THE SPA AT THE DARLING
Sydney
Kodo massage – named for the word "melody" in the Meriam Mir language of people of Torres Strait – begins with the lighting of a boorana smoking stick filled with wild-harvested o'yarrang, paperbark, and leaves and essential oil from the native lemon myrtle tree.
Australian desert salt and oils of lemon myrtle and Tasmanian lavender are used in the scrub and- massage process.
The gentle vibrations employed by the masseuse are meant to send one into a trance-like state, while the final pulling of two roughly textured coolamon sticks (traditionally used by Aboriginal women) across the skin reawaken the body and mind.
See star.com.au.
SIGNATURE INDIGENOUS RITUALS
The Oberoi Spa, Gurgaon, India
The three-hour Journey to India includes traditional Indian treatments such as padabhyanga (foot massage), marma facial therapy, Indian scalp massage and an Indian bathing ritual.
Based on the principles of Ayurveda, an ancient ritual defined by natural strokes and movements, the treatments use oils that have been determined by the therapist to best suit the guest's dosha, or body type.
Oils with unfamiliar names – fata, pitta, kapha – are supplemented with liberal doses of turmeric oil.
See oberoihotels.com.
SPA MAYU WILKA
Hotel Rio Sagrado, Urubamba, Peru
The healing powers of Incans and shamans are channeled at this spa in the Sacred Valley of the Incas, through which pilgrims pass on their way to Machu Picchu.

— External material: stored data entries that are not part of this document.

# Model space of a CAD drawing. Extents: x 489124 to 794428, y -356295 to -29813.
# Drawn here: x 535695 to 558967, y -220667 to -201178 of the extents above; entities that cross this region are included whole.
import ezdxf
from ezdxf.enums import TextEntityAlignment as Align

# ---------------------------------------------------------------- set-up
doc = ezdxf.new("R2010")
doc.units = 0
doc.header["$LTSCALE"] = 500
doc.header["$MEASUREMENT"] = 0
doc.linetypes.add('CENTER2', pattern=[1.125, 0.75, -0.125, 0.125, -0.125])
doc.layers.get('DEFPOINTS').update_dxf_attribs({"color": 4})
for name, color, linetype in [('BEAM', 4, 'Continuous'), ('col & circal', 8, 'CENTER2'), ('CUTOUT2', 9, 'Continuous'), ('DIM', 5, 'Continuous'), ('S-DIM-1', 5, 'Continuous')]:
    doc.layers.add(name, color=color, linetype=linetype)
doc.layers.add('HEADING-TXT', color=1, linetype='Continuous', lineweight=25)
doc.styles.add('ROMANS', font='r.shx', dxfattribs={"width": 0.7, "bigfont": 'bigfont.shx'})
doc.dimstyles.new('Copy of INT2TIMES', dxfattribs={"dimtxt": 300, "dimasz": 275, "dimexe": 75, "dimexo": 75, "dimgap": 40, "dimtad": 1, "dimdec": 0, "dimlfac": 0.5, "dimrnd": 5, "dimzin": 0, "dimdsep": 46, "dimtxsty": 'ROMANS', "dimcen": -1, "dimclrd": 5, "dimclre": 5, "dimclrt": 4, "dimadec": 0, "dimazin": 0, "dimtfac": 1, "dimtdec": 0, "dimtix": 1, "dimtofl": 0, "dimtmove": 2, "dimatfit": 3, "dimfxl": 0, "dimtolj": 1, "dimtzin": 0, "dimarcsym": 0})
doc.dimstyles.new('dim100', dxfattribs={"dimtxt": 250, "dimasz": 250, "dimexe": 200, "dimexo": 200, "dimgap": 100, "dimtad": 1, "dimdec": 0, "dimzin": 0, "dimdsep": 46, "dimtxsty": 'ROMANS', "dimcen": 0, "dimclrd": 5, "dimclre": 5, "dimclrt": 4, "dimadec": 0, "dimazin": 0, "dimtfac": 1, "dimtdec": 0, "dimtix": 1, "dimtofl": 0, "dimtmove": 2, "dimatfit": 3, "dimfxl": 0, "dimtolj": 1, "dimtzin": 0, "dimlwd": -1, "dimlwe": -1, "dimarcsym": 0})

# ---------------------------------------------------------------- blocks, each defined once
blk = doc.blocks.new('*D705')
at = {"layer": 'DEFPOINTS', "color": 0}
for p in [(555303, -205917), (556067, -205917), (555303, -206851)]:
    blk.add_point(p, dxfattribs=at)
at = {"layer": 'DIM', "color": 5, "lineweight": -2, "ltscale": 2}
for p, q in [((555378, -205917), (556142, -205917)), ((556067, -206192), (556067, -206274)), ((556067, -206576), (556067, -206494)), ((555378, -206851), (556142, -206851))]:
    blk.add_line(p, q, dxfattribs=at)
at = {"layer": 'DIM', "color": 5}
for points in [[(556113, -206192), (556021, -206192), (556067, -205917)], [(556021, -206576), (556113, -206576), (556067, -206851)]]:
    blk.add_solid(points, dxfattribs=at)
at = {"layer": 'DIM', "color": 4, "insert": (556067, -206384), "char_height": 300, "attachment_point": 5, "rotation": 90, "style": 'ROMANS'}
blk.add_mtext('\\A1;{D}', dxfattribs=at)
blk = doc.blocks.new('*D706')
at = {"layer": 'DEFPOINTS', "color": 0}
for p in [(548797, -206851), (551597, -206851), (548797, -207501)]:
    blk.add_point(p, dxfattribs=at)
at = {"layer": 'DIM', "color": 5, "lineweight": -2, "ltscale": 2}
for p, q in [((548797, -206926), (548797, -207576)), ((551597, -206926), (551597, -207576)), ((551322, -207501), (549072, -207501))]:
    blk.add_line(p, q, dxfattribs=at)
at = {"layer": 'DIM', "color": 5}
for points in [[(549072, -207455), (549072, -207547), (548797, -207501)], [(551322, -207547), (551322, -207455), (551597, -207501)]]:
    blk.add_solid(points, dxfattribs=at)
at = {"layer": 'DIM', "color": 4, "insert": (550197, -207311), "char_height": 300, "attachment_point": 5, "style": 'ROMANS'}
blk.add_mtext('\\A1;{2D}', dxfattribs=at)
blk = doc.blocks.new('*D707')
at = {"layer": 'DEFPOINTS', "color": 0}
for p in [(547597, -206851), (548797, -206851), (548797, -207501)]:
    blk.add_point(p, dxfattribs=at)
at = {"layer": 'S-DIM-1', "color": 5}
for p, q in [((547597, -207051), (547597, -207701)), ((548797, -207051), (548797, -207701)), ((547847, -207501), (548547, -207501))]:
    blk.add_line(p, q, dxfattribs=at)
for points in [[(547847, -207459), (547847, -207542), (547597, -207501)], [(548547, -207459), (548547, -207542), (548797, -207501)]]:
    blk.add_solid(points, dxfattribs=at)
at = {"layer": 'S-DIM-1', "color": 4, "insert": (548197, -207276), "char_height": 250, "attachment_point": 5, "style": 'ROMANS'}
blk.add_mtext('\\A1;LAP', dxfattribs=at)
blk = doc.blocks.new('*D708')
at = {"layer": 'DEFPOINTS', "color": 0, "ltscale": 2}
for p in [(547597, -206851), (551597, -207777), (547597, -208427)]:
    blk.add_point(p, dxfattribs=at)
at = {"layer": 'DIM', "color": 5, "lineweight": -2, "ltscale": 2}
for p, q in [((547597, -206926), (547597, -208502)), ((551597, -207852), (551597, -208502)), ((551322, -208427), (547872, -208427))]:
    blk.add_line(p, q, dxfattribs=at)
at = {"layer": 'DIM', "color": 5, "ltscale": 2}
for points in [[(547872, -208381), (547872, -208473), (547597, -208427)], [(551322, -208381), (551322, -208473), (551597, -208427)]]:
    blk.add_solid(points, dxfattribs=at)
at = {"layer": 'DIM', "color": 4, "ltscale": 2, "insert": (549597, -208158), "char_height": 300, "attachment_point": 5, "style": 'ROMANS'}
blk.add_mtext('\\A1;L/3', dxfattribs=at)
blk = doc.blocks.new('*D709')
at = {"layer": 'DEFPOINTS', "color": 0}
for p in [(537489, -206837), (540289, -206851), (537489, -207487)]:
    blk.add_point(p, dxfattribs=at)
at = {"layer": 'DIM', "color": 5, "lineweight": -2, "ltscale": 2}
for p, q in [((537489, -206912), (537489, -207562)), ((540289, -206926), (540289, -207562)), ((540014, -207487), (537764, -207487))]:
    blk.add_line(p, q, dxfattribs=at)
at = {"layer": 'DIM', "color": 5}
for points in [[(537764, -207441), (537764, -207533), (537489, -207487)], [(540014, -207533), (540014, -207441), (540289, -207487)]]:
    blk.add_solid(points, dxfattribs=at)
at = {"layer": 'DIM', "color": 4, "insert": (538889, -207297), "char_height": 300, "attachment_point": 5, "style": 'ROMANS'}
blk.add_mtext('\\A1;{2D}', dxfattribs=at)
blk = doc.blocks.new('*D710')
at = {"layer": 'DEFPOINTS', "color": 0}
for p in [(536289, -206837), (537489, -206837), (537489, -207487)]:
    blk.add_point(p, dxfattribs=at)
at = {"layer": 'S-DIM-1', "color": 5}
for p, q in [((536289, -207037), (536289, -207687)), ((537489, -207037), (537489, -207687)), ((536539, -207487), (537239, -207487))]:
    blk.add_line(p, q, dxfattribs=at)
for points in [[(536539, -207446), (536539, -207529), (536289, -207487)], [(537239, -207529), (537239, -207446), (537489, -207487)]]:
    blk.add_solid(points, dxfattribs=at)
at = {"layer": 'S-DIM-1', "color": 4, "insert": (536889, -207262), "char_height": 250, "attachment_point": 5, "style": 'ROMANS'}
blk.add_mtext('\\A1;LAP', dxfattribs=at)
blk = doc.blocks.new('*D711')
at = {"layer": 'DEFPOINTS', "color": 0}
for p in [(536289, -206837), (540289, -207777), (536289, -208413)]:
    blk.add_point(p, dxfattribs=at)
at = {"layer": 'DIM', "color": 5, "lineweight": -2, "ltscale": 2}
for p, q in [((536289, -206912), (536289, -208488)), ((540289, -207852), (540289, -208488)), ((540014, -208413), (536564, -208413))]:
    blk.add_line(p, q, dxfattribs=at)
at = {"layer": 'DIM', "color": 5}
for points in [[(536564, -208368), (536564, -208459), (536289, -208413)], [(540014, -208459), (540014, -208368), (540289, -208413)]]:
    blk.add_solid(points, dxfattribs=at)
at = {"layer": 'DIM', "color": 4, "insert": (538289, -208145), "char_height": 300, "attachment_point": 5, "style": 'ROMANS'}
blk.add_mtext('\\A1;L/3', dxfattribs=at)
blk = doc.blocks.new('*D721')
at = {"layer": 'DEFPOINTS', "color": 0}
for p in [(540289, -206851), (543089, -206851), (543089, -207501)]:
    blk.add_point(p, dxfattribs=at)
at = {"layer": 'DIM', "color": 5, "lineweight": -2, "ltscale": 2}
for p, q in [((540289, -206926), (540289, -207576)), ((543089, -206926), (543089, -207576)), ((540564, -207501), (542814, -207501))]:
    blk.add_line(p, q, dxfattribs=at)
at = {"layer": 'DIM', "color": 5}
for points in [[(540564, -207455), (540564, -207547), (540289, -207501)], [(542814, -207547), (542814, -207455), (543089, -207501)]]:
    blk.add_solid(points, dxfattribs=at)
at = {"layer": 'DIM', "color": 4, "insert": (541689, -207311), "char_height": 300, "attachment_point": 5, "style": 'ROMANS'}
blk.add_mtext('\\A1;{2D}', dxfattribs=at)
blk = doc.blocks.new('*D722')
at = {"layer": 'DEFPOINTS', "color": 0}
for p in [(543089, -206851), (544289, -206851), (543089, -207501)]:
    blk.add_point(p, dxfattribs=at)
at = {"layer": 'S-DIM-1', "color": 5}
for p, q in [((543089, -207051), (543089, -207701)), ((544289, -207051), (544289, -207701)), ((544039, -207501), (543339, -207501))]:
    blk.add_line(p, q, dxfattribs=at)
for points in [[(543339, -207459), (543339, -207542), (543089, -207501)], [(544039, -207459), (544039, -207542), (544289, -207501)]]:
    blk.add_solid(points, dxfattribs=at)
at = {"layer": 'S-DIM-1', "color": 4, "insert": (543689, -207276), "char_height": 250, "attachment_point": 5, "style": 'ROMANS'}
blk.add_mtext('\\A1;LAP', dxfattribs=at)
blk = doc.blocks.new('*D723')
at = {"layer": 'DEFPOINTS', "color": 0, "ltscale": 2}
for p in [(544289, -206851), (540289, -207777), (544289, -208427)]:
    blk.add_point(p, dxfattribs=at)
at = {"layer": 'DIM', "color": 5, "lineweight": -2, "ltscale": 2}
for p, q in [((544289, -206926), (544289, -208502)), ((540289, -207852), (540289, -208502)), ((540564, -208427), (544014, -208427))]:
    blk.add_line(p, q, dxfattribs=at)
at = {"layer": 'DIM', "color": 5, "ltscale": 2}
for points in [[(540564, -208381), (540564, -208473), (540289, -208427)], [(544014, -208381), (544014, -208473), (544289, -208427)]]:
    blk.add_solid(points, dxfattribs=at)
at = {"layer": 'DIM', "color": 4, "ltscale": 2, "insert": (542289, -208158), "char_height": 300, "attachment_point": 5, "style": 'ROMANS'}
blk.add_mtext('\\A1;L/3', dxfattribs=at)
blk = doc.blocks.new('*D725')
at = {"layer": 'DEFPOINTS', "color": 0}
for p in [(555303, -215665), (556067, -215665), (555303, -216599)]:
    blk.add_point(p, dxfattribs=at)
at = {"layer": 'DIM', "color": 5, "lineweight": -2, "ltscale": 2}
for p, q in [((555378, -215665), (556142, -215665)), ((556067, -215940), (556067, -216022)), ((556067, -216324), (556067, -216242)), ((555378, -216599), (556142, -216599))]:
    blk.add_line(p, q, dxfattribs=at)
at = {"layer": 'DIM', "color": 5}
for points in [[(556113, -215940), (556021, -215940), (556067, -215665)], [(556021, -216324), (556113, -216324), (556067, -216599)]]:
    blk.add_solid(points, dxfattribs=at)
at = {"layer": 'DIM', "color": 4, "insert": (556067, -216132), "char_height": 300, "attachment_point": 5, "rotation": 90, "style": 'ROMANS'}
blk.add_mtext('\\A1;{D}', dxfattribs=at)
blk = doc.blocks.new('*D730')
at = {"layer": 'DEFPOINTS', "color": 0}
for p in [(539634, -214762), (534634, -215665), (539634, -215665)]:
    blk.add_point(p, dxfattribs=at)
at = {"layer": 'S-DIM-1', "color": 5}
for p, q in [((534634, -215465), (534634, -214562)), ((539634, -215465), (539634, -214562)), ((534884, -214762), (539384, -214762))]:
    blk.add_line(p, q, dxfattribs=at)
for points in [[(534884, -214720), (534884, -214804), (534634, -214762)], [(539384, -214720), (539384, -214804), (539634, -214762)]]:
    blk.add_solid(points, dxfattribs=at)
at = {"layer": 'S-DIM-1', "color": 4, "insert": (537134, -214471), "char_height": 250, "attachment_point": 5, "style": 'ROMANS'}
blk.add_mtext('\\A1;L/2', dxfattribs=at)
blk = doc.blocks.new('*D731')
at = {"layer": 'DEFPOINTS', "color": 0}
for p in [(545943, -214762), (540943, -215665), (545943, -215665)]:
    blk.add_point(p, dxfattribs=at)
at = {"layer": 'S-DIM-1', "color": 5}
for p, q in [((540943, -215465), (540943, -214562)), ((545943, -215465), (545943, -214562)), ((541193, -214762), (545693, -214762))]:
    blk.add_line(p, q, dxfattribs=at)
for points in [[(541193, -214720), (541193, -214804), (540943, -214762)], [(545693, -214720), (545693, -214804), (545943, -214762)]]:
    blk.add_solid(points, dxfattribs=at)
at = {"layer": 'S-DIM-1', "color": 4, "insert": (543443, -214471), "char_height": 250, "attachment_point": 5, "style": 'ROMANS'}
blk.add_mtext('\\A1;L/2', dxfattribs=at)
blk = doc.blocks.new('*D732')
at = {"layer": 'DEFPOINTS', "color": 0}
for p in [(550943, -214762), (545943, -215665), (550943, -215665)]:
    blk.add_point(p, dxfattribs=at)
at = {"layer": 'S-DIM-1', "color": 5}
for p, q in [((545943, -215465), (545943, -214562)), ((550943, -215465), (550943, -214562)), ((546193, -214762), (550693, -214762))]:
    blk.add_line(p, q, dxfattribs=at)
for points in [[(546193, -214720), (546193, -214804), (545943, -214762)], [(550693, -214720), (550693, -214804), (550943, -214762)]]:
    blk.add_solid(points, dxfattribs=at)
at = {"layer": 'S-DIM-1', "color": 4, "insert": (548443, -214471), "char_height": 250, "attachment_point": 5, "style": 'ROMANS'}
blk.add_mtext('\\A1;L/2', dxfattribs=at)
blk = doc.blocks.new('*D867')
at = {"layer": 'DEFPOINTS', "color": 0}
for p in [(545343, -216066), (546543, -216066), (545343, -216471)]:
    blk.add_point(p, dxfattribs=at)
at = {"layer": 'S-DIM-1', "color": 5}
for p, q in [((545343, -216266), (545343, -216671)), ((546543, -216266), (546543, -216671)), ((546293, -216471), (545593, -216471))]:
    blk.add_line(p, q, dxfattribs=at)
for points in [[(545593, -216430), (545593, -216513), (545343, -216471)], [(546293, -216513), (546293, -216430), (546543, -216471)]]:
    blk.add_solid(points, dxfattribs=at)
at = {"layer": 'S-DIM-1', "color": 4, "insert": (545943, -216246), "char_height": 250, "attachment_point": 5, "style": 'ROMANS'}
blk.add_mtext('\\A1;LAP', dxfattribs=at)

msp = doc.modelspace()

The sacred Andean coca leaf – which visitors are encouraged to drink as a tea infusion toward off altitude sickness – is used as a body wrap to increase energy; Maras salt, mined nearby and dried in terraces up and down the Andean mountainsides, is combined with sacha inchi, an Incan plant with peanut-like seeds, and used as a body scrub; and an altitude acclimatiser massage is said to rid the traveller of the unpleasant side-effects of sudden elevation.
See riosagrado.com.
SPA AT BLYTHSWOOD SQUARE
Glasgow, Scotland
The spa uses an indigenous Scottish skincare range, ishga, made from seaweed hand harvested from the waters around the Isle of Lewis in the Outer Hebrides and saltwater scooped from the waves that break on the island's shores.
Keeping with the theme, the spa offers wholly local treatments: hot stone massage that combines basalt – the rock that undergirds the Hebrides – and Scottish seaweed oil; baths infused with seaweed and mineral sea salts; Hebridean salt scrubs and enveloping seaweed wraps.
If it all feels a bit fishy, guests just need to lie back and think of the Scots, who have been polishing their complexions with vitamin rich seaweed for centuries.
See townhousecompany.com/blythswoodsquare.